Ci sta che un tifoso sia dispiaciuto, se il dispiacere è pensare “era bello vederlo/a gareggiare in quel modo e questo mi manca”. Faccio più fatica a comprendere la delusione, perché sarebbe come pensare che l’atleta facesse qualcosa per addolorare o offendere i tifosi.
Da spettatori e sostenitori siamo tutti vincitori di Mondiali di sci o Slam di tennis e ‘gestori’ di carriere altrui, delle quali commentiamo vittorie, sconfitte, durata, momento scelto per lasciare le competizioni (troppo presto, troppo tardi). Ma per un atleta c’è un momento ‘giusto’ per lasciare?
Il momento giusto c’è per ognuno. Per tutti è diverso e dipende da numerosi fattori: da quanto l’atleta sente di poter ancora dare e ottenere ad alti livelli, dalla voglia di far parte ancora dei circuiti sebbene i risultati non siano più quelli di prima, dall’aspetto economico (importante soprattutto per chi non è sportivo di primissima fascia), dalla volontà di continuare a viaggiare, dal desiderio di normalità e via dicendo.

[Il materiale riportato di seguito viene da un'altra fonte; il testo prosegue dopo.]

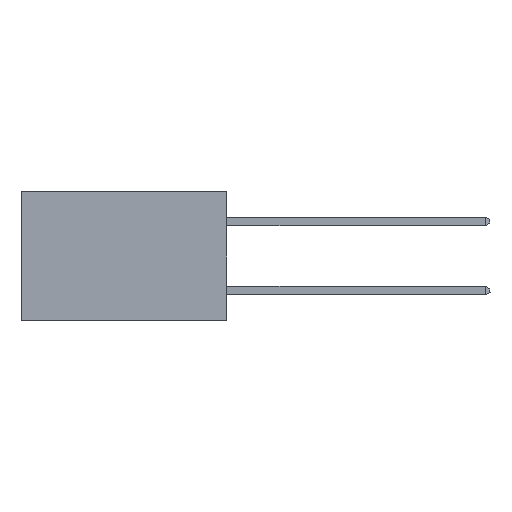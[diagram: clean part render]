
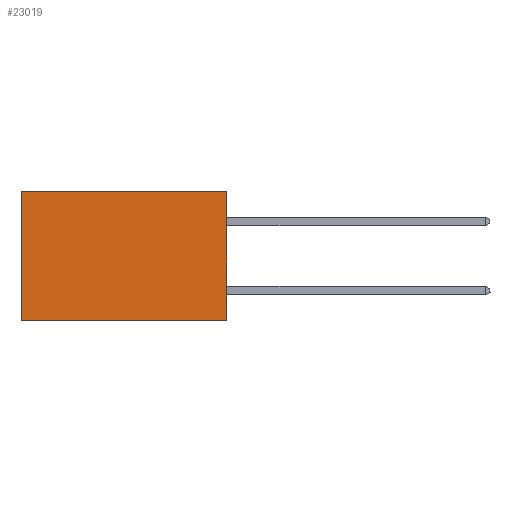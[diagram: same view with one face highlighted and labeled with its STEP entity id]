
A CAD part, left-side view. The second image highlights one B-rep face of the part: STEP entity #23019.
In plain terms, the highlighted planar face has unit normal (-1, 0, 0).
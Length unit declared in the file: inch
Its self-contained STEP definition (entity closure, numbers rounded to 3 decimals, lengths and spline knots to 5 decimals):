
#588 = AXIS2_PLACEMENT_3D ( 'NONE', #12472, #3179, #16151 ) ;
#1295 = CARTESIAN_POINT ( 'NONE',  ( 0.277, 0., -0.37 ) ) ;
#1744 = VECTOR ( 'NONE', #7331, 39.37008 ) ;
#1822 = ORIENTED_EDGE ( 'NONE', *, *, #17181, .T. ) ;
#1926 = VERTEX_POINT ( 'NONE', #22391 ) ;
#2063 = VECTOR ( 'NONE', #19874, 39.37008 ) ;
#2432 = EDGE_CURVE ( 'NONE', #9581, #7370, #11661, .T. ) ;
#3062 = VERTEX_POINT ( 'NONE', #15641 ) ;
#3179 = DIRECTION ( 'NONE',  ( 1., 0., 0. ) ) ;
#3271 = VECTOR ( 'NONE', #3816, 39.37008 ) ;
#3816 = DIRECTION ( 'NONE',  ( 0., 1., 0. ) ) ;
#3844 = LINE ( 'NONE', #4158, #3271 ) ;
#4158 = CARTESIAN_POINT ( 'NONE',  ( 0.277, 0., 0. ) ) ;
#7143 = EDGE_CURVE ( 'NONE', #9581, #1926, #3844, .T. ) ;
#7331 = DIRECTION ( 'NONE',  ( 0., 0., -1. ) ) ;
#7370 = VERTEX_POINT ( 'NONE', #1295 ) ;
#7619 = CARTESIAN_POINT ( 'NONE',  ( 0.277, 0., 0. ) ) ;
#9327 = LINE ( 'NONE', #20600, #23374 ) ;
#9581 = VERTEX_POINT ( 'NONE', #7619 ) ;
#9624 = DIRECTION ( 'NONE',  ( 0., 0., -1. ) ) ;
#10090 = ORIENTED_EDGE ( 'NONE', *, *, #2432, .F. ) ;
#11661 = LINE ( 'NONE', #18610, #1744 ) ;
#12472 = CARTESIAN_POINT ( 'NONE',  ( 0.277, 0., -0.37 ) ) ;
#14348 = CARTESIAN_POINT ( 'NONE',  ( 0.277, 0., -0.37 ) ) ;
#14416 = EDGE_CURVE ( 'NONE', #7370, #3062, #16828, .T. ) ;
#15641 = CARTESIAN_POINT ( 'NONE',  ( 0.277, 0.59, -0.37 ) ) ;
#16151 = DIRECTION ( 'NONE',  ( 0., 0., -1. ) ) ;
#16409 = EDGE_LOOP ( 'NONE', ( #1822, #18781, #10090, #16724 ) ) ;
#16724 = ORIENTED_EDGE ( 'NONE', *, *, #7143, .T. ) ;
#16828 = LINE ( 'NONE', #14348, #2063 ) ;
#17181 = EDGE_CURVE ( 'NONE', #1926, #3062, #9327, .T. ) ;
#17901 = PLANE ( 'NONE',  #588 ) ;
#18610 = CARTESIAN_POINT ( 'NONE',  ( 0.277, 0., -0.37 ) ) ;
#18781 = ORIENTED_EDGE ( 'NONE', *, *, #14416, .F. ) ;
#19874 = DIRECTION ( 'NONE',  ( 0., 1., 0. ) ) ;
#20600 = CARTESIAN_POINT ( 'NONE',  ( 0.277, 0.59, -0.37 ) ) ;
#21177 = FACE_OUTER_BOUND ( 'NONE', #16409, .T. ) ;
#22391 = CARTESIAN_POINT ( 'NONE',  ( 0.277, 0.59, 0. ) ) ;
#23019 = ADVANCED_FACE ( 'NONE', ( #21177 ), #17901, .F. ) ;
#23374 = VECTOR ( 'NONE', #9624, 39.37008 ) ;
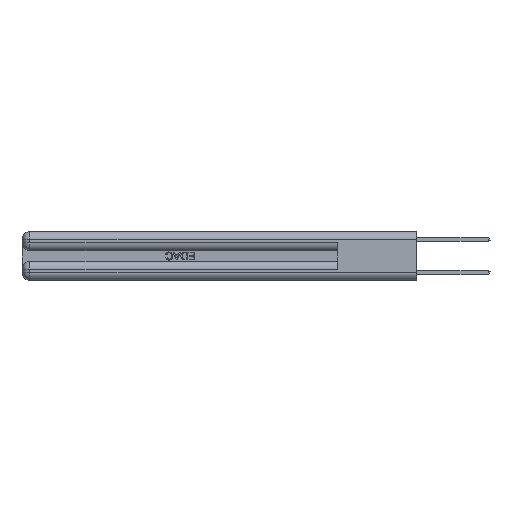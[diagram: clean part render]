
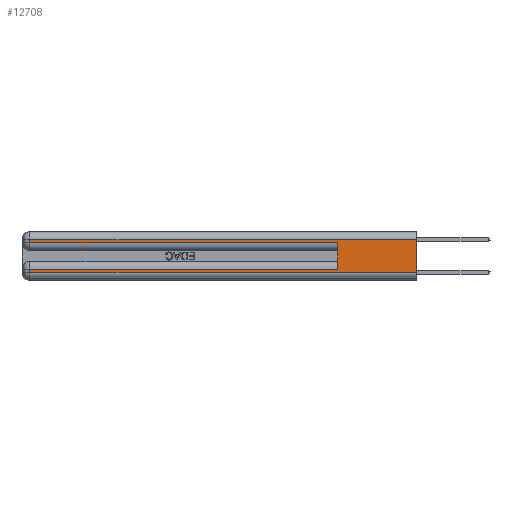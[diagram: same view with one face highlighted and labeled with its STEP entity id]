
A CAD part, left-side view. The second image highlights one B-rep face of the part: STEP entity #12708.
In plain terms, the highlighted planar face has unit normal (-1, 0, 0).
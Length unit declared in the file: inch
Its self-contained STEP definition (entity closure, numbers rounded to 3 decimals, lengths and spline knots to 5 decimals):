
#9 = EDGE_CURVE ( 'NONE', #23859, #12756, #24096, .T. ) ;
#451 = CARTESIAN_POINT ( 'NONE',  ( 0., 0., 0.085 ) ) ;
#1084 = EDGE_CURVE ( 'NONE', #23588, #15220, #6070, .T. ) ;
#1724 = DIRECTION ( 'NONE',  ( 0., 0., -1. ) ) ;
#2731 = CARTESIAN_POINT ( 'NONE',  ( 0., 0.6, 0.285 ) ) ;
#3709 = ORIENTED_EDGE ( 'NONE', *, *, #17947, .T. ) ;
#5268 = ORIENTED_EDGE ( 'NONE', *, *, #9792, .T. ) ;
#5623 = CARTESIAN_POINT ( 'NONE',  ( 0., 0., 0.06 ) ) ;
#5678 = CARTESIAN_POINT ( 'NONE',  ( 0., 0., 0.37 ) ) ;
#5835 = DIRECTION ( 'NONE',  ( 0., 0., -1. ) ) ;
#5847 = VECTOR ( 'NONE', #24381, 39.37008 ) ;
#6070 = LINE ( 'NONE', #6410, #34090 ) ;
#6377 = VECTOR ( 'NONE', #15652, 39.37008 ) ;
#6404 = ORIENTED_EDGE ( 'NONE', *, *, #33248, .F. ) ;
#6410 = CARTESIAN_POINT ( 'NONE',  ( 0., 0., 0.31 ) ) ;
#6978 = PLANE ( 'NONE',  #28620 ) ;
#7315 = CARTESIAN_POINT ( 'NONE',  ( 0., 2.94, 0.285 ) ) ;
#7875 = VECTOR ( 'NONE', #19103, 39.37008 ) ;
#8118 = EDGE_CURVE ( 'NONE', #26736, #12026, #29087, .T. ) ;
#8523 = LINE ( 'NONE', #24213, #18559 ) ;
#9270 = VERTEX_POINT ( 'NONE', #2731 ) ;
#9651 = ORIENTED_EDGE ( 'NONE', *, *, #9, .T. ) ;
#9792 = EDGE_CURVE ( 'NONE', #26061, #9270, #8523, .T. ) ;
#9825 = CARTESIAN_POINT ( 'NONE',  ( 0., 2.94, 0.06 ) ) ;
#11129 = DIRECTION ( 'NONE',  ( 0., -1., 0. ) ) ;
#12026 = VERTEX_POINT ( 'NONE', #28156 ) ;
#12708 = ADVANCED_FACE ( 'NONE', ( #22688 ), #6978, .F. ) ;
#12756 = VERTEX_POINT ( 'NONE', #24816 ) ;
#13877 = LINE ( 'NONE', #22296, #5847 ) ;
#14696 = DIRECTION ( 'NONE',  ( 0., 1., 0. ) ) ;
#14970 = VECTOR ( 'NONE', #5835, 39.37008 ) ;
#15220 = VERTEX_POINT ( 'NONE', #27609 ) ;
#15652 = DIRECTION ( 'NONE',  ( 0., -1., 0. ) ) ;
#16827 = EDGE_CURVE ( 'NONE', #23588, #12026, #32084, .T. ) ;
#17826 = EDGE_CURVE ( 'NONE', #12756, #26736, #25031, .T. ) ;
#17947 = EDGE_CURVE ( 'NONE', #15220, #26061, #33987, .T. ) ;
#18559 = VECTOR ( 'NONE', #11129, 39.37008 ) ;
#19103 = DIRECTION ( 'NONE',  ( 0., 1., 0. ) ) ;
#19132 = CARTESIAN_POINT ( 'NONE',  ( 0., 0., 0.37 ) ) ;
#19864 = ORIENTED_EDGE ( 'NONE', *, *, #16827, .F. ) ;
#20582 = CARTESIAN_POINT ( 'NONE',  ( 0., 0., 0.31 ) ) ;
#22057 = DIRECTION ( 'NONE',  ( 0., 0., -1. ) ) ;
#22262 = EDGE_LOOP ( 'NONE', ( #19864, #30383, #3709, #5268, #6404, #9651, #24898, #23176 ) ) ;
#22296 = CARTESIAN_POINT ( 'NONE',  ( 0., 0.6, 0.145 ) ) ;
#22688 = FACE_OUTER_BOUND ( 'NONE', #22262, .T. ) ;
#23112 = CARTESIAN_POINT ( 'NONE',  ( 0., 2.94, 0.37 ) ) ;
#23176 = ORIENTED_EDGE ( 'NONE', *, *, #8118, .T. ) ;
#23588 = VERTEX_POINT ( 'NONE', #20582 ) ;
#23859 = VERTEX_POINT ( 'NONE', #29702 ) ;
#24096 = LINE ( 'NONE', #451, #7875 ) ;
#24213 = CARTESIAN_POINT ( 'NONE',  ( 0., 0., 0.285 ) ) ;
#24381 = DIRECTION ( 'NONE',  ( 0., 0., 1. ) ) ;
#24816 = CARTESIAN_POINT ( 'NONE',  ( 0., 2.94, 0.085 ) ) ;
#24898 = ORIENTED_EDGE ( 'NONE', *, *, #17826, .T. ) ;
#25031 = LINE ( 'NONE', #26998, #29880 ) ;
#26061 = VERTEX_POINT ( 'NONE', #7315 ) ;
#26736 = VERTEX_POINT ( 'NONE', #9825 ) ;
#26998 = CARTESIAN_POINT ( 'NONE',  ( 0., 2.94, 0.37 ) ) ;
#27609 = CARTESIAN_POINT ( 'NONE',  ( 0., 2.94, 0.31 ) ) ;
#28156 = CARTESIAN_POINT ( 'NONE',  ( 0., 0., 0.06 ) ) ;
#28301 = DIRECTION ( 'NONE',  ( 0., 0., -1. ) ) ;
#28620 = AXIS2_PLACEMENT_3D ( 'NONE', #19132, #29641, #22057 ) ;
#29087 = LINE ( 'NONE', #5623, #6377 ) ;
#29338 = VECTOR ( 'NONE', #28301, 39.37008 ) ;
#29641 = DIRECTION ( 'NONE',  ( 1., 0., 0. ) ) ;
#29702 = CARTESIAN_POINT ( 'NONE',  ( 0., 0.6, 0.085 ) ) ;
#29880 = VECTOR ( 'NONE', #1724, 39.37008 ) ;
#30383 = ORIENTED_EDGE ( 'NONE', *, *, #1084, .T. ) ;
#32084 = LINE ( 'NONE', #5678, #14970 ) ;
#33248 = EDGE_CURVE ( 'NONE', #23859, #9270, #13877, .T. ) ;
#33987 = LINE ( 'NONE', #23112, #29338 ) ;
#34090 = VECTOR ( 'NONE', #14696, 39.37008 ) ;
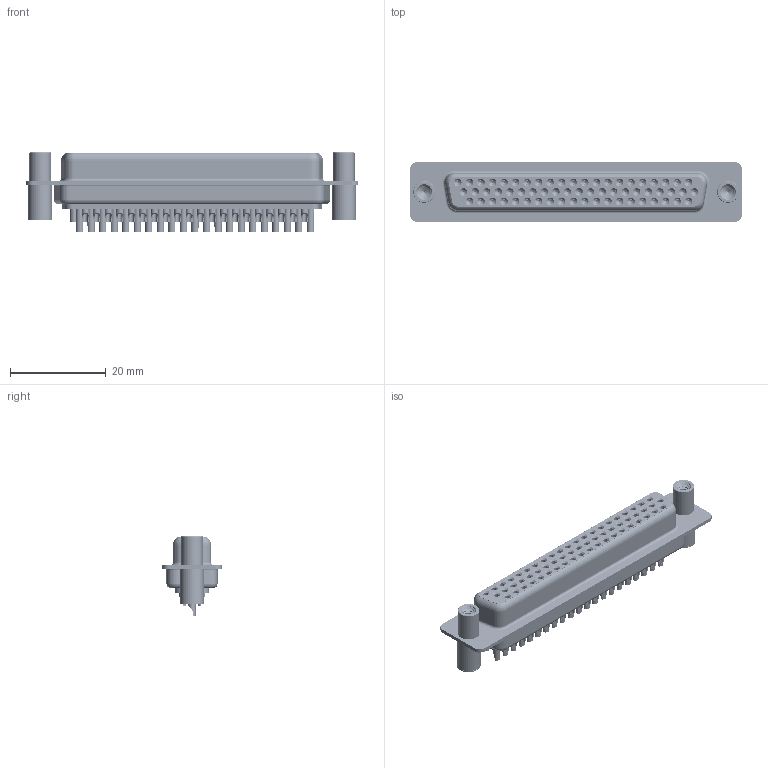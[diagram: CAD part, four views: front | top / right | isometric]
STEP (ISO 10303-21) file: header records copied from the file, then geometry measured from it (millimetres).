
FILE_DESCRIPTION (( 'STEP AP203' ), '1' );
FILE_NAME ('638-M62-232-BN4.STEP', '2022-07-05T21:17:29', ( '' ), ( '' ), 'SwSTEP 2.0', 'SolidWorks 2020', '' );
FILE_SCHEMA (( 'CONFIG_CONTROL_DESIGN' ));
Length unit declared in the file: millimetre
Products named in the file (8): 638-M62-232-BN4; 638M Contact Row 1_32; 638M 4-40 Threaded Standoff and Board Spacer; 638M Shell Front_62 Contacts; 638M Shell Rear_62 Contacts; 638M Contact Row 2_32; 638M Housing_62 Contacts; 638M Contact Row 3_32
Assembly tree (67 placements, depth 2):
  638-M62-232-BN4
    638M Housing_62 Contacts
    638M Shell Front_62 Contacts
    638M Shell Rear_62 Contacts
    638M Contact Row 1_32  x21
    638M Contact Row 2_32  x21
    638M Contact Row 3_32  x20
    638M 4-40 Threaded Standoff and Board Spacer  x2
Bounding box: 69.4 x 12.5 x 16.65 mm (x, y, z)
Volume: 5360.5 mm3; surface area: 17403.3 mm2
Topology: 67 solids, 67 shells, 3775 faces, 9343 edges, 5773 vertices
Faces by surface type: cylinder 1491, plane 1127, cone 588, torus 557, bspline 12
Entity records: 39775 total; most frequent: CARTESIAN_POINT 8408, DIRECTION 6698, ORIENTED_EDGE 5522, AXIS2_PLACEMENT_3D 2836, EDGE_CURVE 2761, VERTEX_POINT 1758, EDGE_LOOP 1561, CIRCLE 1551

Lasciare all’apice, da giovane o più in là negli anni è una scelta individuale e in tal senso non va giudicata. È un discorso, questo, che vale non solo per una Lindsey Vonn o un Roger Federer; ma pure per chi fa una carriera di tutto rispetto senza essere sempre sulle prime pagine dei giornali. Si tratta, per tutti gli sportivi, di fare un lavoro sia individuale dell’atleta sia collettivo con il proprio entourage, per capire se la voglia di qualcos’altro diventa più importante del piacere di far parte di un mondo comunque particolare come quello dello sport d’alto livello.